[Start of section]
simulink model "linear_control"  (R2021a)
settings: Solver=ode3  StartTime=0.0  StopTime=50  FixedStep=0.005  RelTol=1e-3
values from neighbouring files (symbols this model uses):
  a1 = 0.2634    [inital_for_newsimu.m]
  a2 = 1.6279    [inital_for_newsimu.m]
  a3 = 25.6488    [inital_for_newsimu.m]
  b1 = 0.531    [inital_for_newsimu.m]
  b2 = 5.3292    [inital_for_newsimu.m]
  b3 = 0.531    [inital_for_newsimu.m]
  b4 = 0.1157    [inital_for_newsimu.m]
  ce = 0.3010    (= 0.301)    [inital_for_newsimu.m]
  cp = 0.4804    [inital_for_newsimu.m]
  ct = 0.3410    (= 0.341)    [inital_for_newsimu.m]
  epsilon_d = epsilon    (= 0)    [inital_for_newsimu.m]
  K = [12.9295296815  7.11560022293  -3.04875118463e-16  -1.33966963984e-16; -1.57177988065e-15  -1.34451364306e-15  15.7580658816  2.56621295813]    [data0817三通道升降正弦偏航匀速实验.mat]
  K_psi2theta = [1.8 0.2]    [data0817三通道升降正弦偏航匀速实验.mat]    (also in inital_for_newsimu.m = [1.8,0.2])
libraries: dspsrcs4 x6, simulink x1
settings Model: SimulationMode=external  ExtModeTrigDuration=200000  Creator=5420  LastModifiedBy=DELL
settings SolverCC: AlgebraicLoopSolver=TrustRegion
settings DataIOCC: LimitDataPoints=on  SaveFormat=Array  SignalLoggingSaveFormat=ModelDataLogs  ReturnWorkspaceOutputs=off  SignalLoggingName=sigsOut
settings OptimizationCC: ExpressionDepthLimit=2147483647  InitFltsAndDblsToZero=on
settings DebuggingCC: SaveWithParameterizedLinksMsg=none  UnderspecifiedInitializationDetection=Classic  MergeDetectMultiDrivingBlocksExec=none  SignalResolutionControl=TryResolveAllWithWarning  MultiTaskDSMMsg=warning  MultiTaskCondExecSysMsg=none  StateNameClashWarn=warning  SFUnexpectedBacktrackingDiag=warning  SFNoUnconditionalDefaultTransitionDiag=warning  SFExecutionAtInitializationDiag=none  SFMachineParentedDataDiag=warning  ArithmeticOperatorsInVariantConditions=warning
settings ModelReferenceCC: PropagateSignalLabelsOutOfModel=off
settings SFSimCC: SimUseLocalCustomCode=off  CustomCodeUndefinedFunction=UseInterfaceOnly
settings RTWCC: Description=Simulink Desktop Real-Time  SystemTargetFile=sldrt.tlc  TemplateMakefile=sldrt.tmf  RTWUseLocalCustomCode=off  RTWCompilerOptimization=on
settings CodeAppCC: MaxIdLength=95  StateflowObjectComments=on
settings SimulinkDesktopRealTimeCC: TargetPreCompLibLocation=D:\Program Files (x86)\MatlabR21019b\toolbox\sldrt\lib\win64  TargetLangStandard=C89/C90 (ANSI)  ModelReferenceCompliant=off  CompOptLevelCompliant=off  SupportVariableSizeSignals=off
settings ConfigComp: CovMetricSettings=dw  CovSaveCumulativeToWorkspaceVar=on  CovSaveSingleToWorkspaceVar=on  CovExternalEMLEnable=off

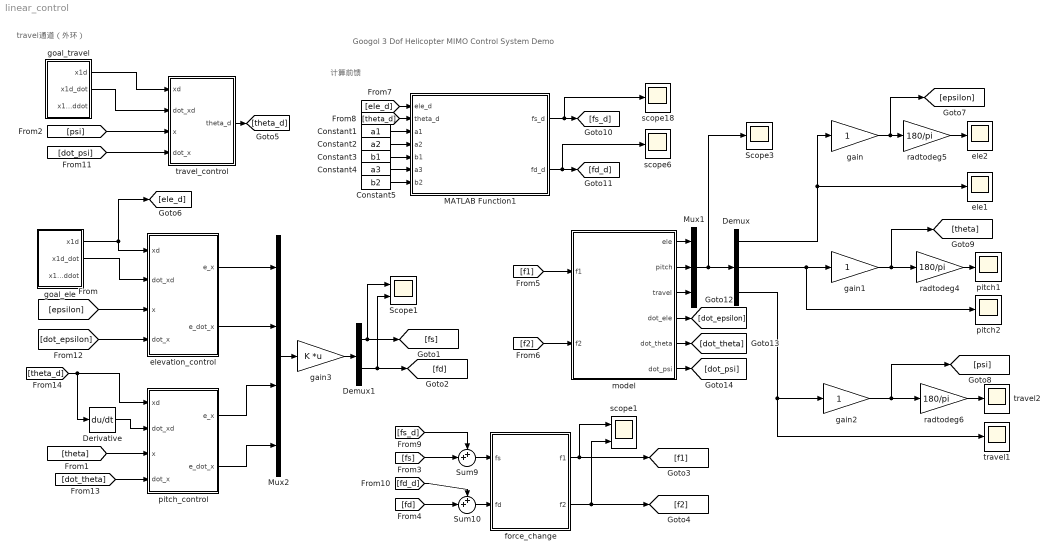
== system linear_control ==
  note: 计算前馈
  note: travel通道（外环）
  note: Googol 3 Dof Helicopter MIMO Control System Demo
  Constant1 : Constant  Value=a1
  Constant2 : Constant  Value=a2
  Constant3 : Constant  Value=b1
  Constant4 : Constant  Value=a3
  Constant5 : Constant  Value=b2
  Demux : Demux  Outputs=3
  Demux1 : Demux  Outputs=2
  Derivative : Derivative
  MATLAB Function1 : MATLAB Function  TreatAsAtomicUnit=on
  Mux1 : Mux  Inputs=3
  Mux2 : Mux
  Scope1 : Scope  NumInputPorts=2
  Scope3 : Scope
  Sum10 : Sum  Inputs=++|
  Sum9 : Sum  Inputs=++|
  ele1 : Scope
  ele2 : Scope
  elevation_control : Subsystem
  force_change : Subsystem
  gain : Gain
  gain1 : Gain
  gain2 : Gain
  gain3 : Gain  Gain=K  Multiplication=Matrix(K*u)
  goal_ele : Subsystem
  goal_travel : Subsystem
  model : Subsystem
  pitch1 : Scope
  pitch2 : Scope
  pitch_control : Subsystem
  radtodeg4 : Gain  Gain=180/pi
  radtodeg5 : Gain  Gain=180/pi
  radtodeg6 : Gain  Gain=180/pi
  scope1 : Scope  NumInputPorts=2
  scope18 : Scope
  scope6 : Scope
  travel1 : Scope
  travel2 : Scope
  travel_control : Subsystem
  wires:
  radtodeg5/1 -> ele2/1
  Demux/2 -> gain1/1, pitch2/1
  radtodeg6/1 -> travel2/1
  Demux/3 -> travel1/1, gain2/1
  Mux1/1 -> Scope3/1, Demux/1
  model/1("ele ") -> Mux1/1
  model/2(pitch) -> Mux1/2
  model/3(travel) -> Mux1/3
  Demux/1 -> gain/1, ele1/1
  radtodeg4/1 -> pitch1/1
  Mux2/1 -> gain3/1
  gain3/1 -> Demux1/1
  Demux1/1 -> Scope1/1, [fs]
  Demux1/2 -> Scope1/2, [fd]
  [f1] -> model/1(f1)
  [f2] -> model/2(f2)
  gain1/1 -> [theta], radtodeg4/1
  gain/1 -> [epsilon], radtodeg5/1
  gain2/1 -> radtodeg6/1, [psi]
  [theta_d] -> pitch_control/1(xd), Derivative/1
  [fs] -> Sum9/2
  [fd] -> Sum10/2
  [ele_d] -> MATLAB Function1/1(ele_d)
  [theta_d] -> MATLAB Function1/2(theta_d)
  Constant1/1 -> MATLAB Function1/3(a1)
  Constant2/1 -> MATLAB Function1/4(a2)
  Constant3/1 -> MATLAB Function1/5(b1)
  Constant4/1 -> MATLAB Function1/6(a3)
  Constant5/1 -> MATLAB Function1/7(b2)
  MATLAB Function1/1(fs_d) -> scope18/1, [fs_d]
  MATLAB Function1/2(fd_d) -> scope6/1, [fd_d]
  goal_travel/1(x1d) -> travel_control/1(xd)
  goal_travel/2(x1d_dot) -> travel_control/2(dot_xd)
  [psi] -> travel_control/3(x)
  goal_ele/1(x1d) -> [ele_d], elevation_control/1(xd)
  goal_ele/2(x1d_dot) -> elevation_control/2(dot_xd)
  [epsilon] -> elevation_control/3(x)
  Derivative/1 -> pitch_control/2(dot_xd)
  [theta] -> pitch_control/3(x)
  model/4("dot_ele ") -> [dot_epsilon]
  model/5(dot_theta) -> [dot_theta]
  model/6(dot_psi) -> [dot_psi]
  [dot_psi] -> travel_control/4(dot_x)
  [dot_theta] -> pitch_control/4(dot_x)
  [dot_epsilon] -> elevation_control/4(dot_x)
  [fs_d] -> Sum9/1
  [fd_d] -> Sum10/1
  elevation_control/1(e_x) -> Mux2/1
  elevation_control/2(e_dot_x) -> Mux2/2
  pitch_control/1(e_x) -> Mux2/3
  pitch_control/2(e_dot_x) -> Mux2/4
  travel_control/1(theta_d) -> [theta_d]
  force_change/1(f1) -> scope1/1, [f1]
  force_change/2(f2) -> scope1/2, [f2]
  Sum9/1 -> force_change/1(fs)
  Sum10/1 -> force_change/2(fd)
[End of section]
Your goal: Leave out all images, then reproduce the entries above exactly.

Exercise result:
simulink model "linear_control"  (R2021a)
settings: Solver=ode3  StartTime=0.0  StopTime=50  FixedStep=0.005  RelTol=1e-3
values from neighbouring files (symbols this model uses):
  a1 = 0.2634    [inital_for_newsimu.m]
  a2 = 1.6279    [inital_for_newsimu.m]
  a3 = 25.6488    [inital_for_newsimu.m]
  b1 = 0.531    [inital_for_newsimu.m]
  b2 = 5.3292    [inital_for_newsimu.m]
  b3 = 0.531    [inital_for_newsimu.m]
  b4 = 0.1157    [inital_for_newsimu.m]
  ce = 0.3010    (= 0.301)    [inital_for_newsimu.m]
  cp = 0.4804    [inital_for_newsimu.m]
  ct = 0.3410    (= 0.341)    [inital_for_newsimu.m]
  epsilon_d = epsilon    (= 0)    [inital_for_newsimu.m]
  K = [12.9295296815  7.11560022293  -3.04875118463e-16  -1.33966963984e-16; -1.57177988065e-15  -1.34451364306e-15  15.7580658816  2.56621295813]    [data0817三通道升降正弦偏航匀速实验.mat]
  K_psi2theta = [1.8 0.2]    [data0817三通道升降正弦偏航匀速实验.mat]    (also in inital_for_newsimu.m = [1.8,0.2])
libraries: dspsrcs4 x6, simulink x1
settings Model: SimulationMode=external  ExtModeTrigDuration=200000  Creator=5420  LastModifiedBy=DELL
settings SolverCC: AlgebraicLoopSolver=TrustRegion
settings DataIOCC: LimitDataPoints=on  SaveFormat=Array  SignalLoggingSaveFormat=ModelDataLogs  ReturnWorkspaceOutputs=off  SignalLoggingName=sigsOut
settings OptimizationCC: ExpressionDepthLimit=2147483647  InitFltsAndDblsToZero=on
settings DebuggingCC: SaveWithParameterizedLinksMsg=none  UnderspecifiedInitializationDetection=Classic  MergeDetectMultiDrivingBlocksExec=none  SignalResolutionControl=TryResolveAllWithWarning  MultiTaskDSMMsg=warning  MultiTaskCondExecSysMsg=none  StateNameClashWarn=warning  SFUnexpectedBacktrackingDiag=warning  SFNoUnconditionalDefaultTransitionDiag=warning  SFExecutionAtInitializationDiag=none  SFMachineParentedDataDiag=warning  ArithmeticOperatorsInVariantConditions=warning
settings ModelReferenceCC: PropagateSignalLabelsOutOfModel=off
settings SFSimCC: SimUseLocalCustomCode=off  CustomCodeUndefinedFunction=UseInterfaceOnly
settings RTWCC: Description=Simulink Desktop Real-Time  SystemTargetFile=sldrt.tlc  TemplateMakefile=sldrt.tmf  RTWUseLocalCustomCode=off  RTWCompilerOptimization=on
settings CodeAppCC: MaxIdLength=95  StateflowObjectComments=on
settings SimulinkDesktopRealTimeCC: TargetPreCompLibLocation=D:\Program Files (x86)\MatlabR21019b\toolbox\sldrt\lib\win64  TargetLangStandard=C89/C90 (ANSI)  ModelReferenceCompliant=off  CompOptLevelCompliant=off  SupportVariableSizeSignals=off
settings ConfigComp: CovMetricSettings=dw  CovSaveCumulativeToWorkspaceVar=on  CovSaveSingleToWorkspaceVar=on  CovExternalEMLEnable=off

== system linear_control ==
  note: 计算前馈
  note: travel通道（外环）
  note: Googol 3 Dof Helicopter MIMO Control System Demo
  Constant1 : Constant  Value=a1
  Constant2 : Constant  Value=a2
  Constant3 : Constant  Value=b1
  Constant4 : Constant  Value=a3
  Constant5 : Constant  Value=b2
  Demux : Demux  Outputs=3
  Demux1 : Demux  Outputs=2
  Derivative : Derivative
  MATLAB Function1 : MATLAB Function  TreatAsAtomicUnit=on
  Mux1 : Mux  Inputs=3
  Mux2 : Mux
  Scope1 : Scope  NumInputPorts=2
  Scope3 : Scope
  Sum10 : Sum  Inputs=++|
  Sum9 : Sum  Inputs=++|
  ele1 : Scope
  ele2 : Scope
  elevation_control : Subsystem
  force_change : Subsystem
  gain : Gain
  gain1 : Gain
  gain2 : Gain
  gain3 : Gain  Gain=K  Multiplication=Matrix(K*u)
  goal_ele : Subsystem
  goal_travel : Subsystem
  model : Subsystem
  pitch1 : Scope
  pitch2 : Scope
  pitch_control : Subsystem
  radtodeg4 : Gain  Gain=180/pi
  radtodeg5 : Gain  Gain=180/pi
  radtodeg6 : Gain  Gain=180/pi
  scope1 : Scope  NumInputPorts=2
  scope18 : Scope
  scope6 : Scope
  travel1 : Scope
  travel2 : Scope
  travel_control : Subsystem
  wires:
  radtodeg5/1 -> ele2/1
  Demux/2 -> gain1/1, pitch2/1
  radtodeg6/1 -> travel2/1
  Demux/3 -> travel1/1, gain2/1
  Mux1/1 -> Scope3/1, Demux/1
  model/1("ele ") -> Mux1/1
  model/2(pitch) -> Mux1/2
  model/3(travel) -> Mux1/3
  Demux/1 -> gain/1, ele1/1
  radtodeg4/1 -> pitch1/1
  Mux2/1 -> gain3/1
  gain3/1 -> Demux1/1
  Demux1/1 -> Scope1/1, [fs]
  Demux1/2 -> Scope1/2, [fd]
  [f1] -> model/1(f1)
  [f2] -> model/2(f2)
  gain1/1 -> [theta], radtodeg4/1
  gain/1 -> [epsilon], radtodeg5/1
  gain2/1 -> radtodeg6/1, [psi]
  [theta_d] -> pitch_control/1(xd), Derivative/1
  [fs] -> Sum9/2
  [fd] -> Sum10/2
  [ele_d] -> MATLAB Function1/1(ele_d)
  [theta_d] -> MATLAB Function1/2(theta_d)
  Constant1/1 -> MATLAB Function1/3(a1)
  Constant2/1 -> MATLAB Function1/4(a2)
  Constant3/1 -> MATLAB Function1/5(b1)
  Constant4/1 -> MATLAB Function1/6(a3)
  Constant5/1 -> MATLAB Function1/7(b2)
  MATLAB Function1/1(fs_d) -> scope18/1, [fs_d]
  MATLAB Function1/2(fd_d) -> scope6/1, [fd_d]
  goal_travel/1(x1d) -> travel_control/1(xd)
  goal_travel/2(x1d_dot) -> travel_control/2(dot_xd)
  [psi] -> travel_control/3(x)
  goal_ele/1(x1d) -> [ele_d], elevation_control/1(xd)
  goal_ele/2(x1d_dot) -> elevation_control/2(dot_xd)
  [epsilon] -> elevation_control/3(x)
  Derivative/1 -> pitch_control/2(dot_xd)
  [theta] -> pitch_control/3(x)
  model/4("dot_ele ") -> [dot_epsilon]
  model/5(dot_theta) -> [dot_theta]
  model/6(dot_psi) -> [dot_psi]
  [dot_psi] -> travel_control/4(dot_x)
  [dot_theta] -> pitch_control/4(dot_x)
  [dot_epsilon] -> elevation_control/4(dot_x)
  [fs_d] -> Sum9/1
  [fd_d] -> Sum10/1
  elevation_control/1(e_x) -> Mux2/1
  elevation_control/2(e_dot_x) -> Mux2/2
  pitch_control/1(e_x) -> Mux2/3
  pitch_control/2(e_dot_x) -> Mux2/4
  travel_control/1(theta_d) -> [theta_d]
  force_change/1(f1) -> scope1/1, [f1]
  force_change/2(f2) -> scope1/2, [f2]
  Sum9/1 -> force_change/1(fs)
  Sum10/1 -> force_change/2(fd)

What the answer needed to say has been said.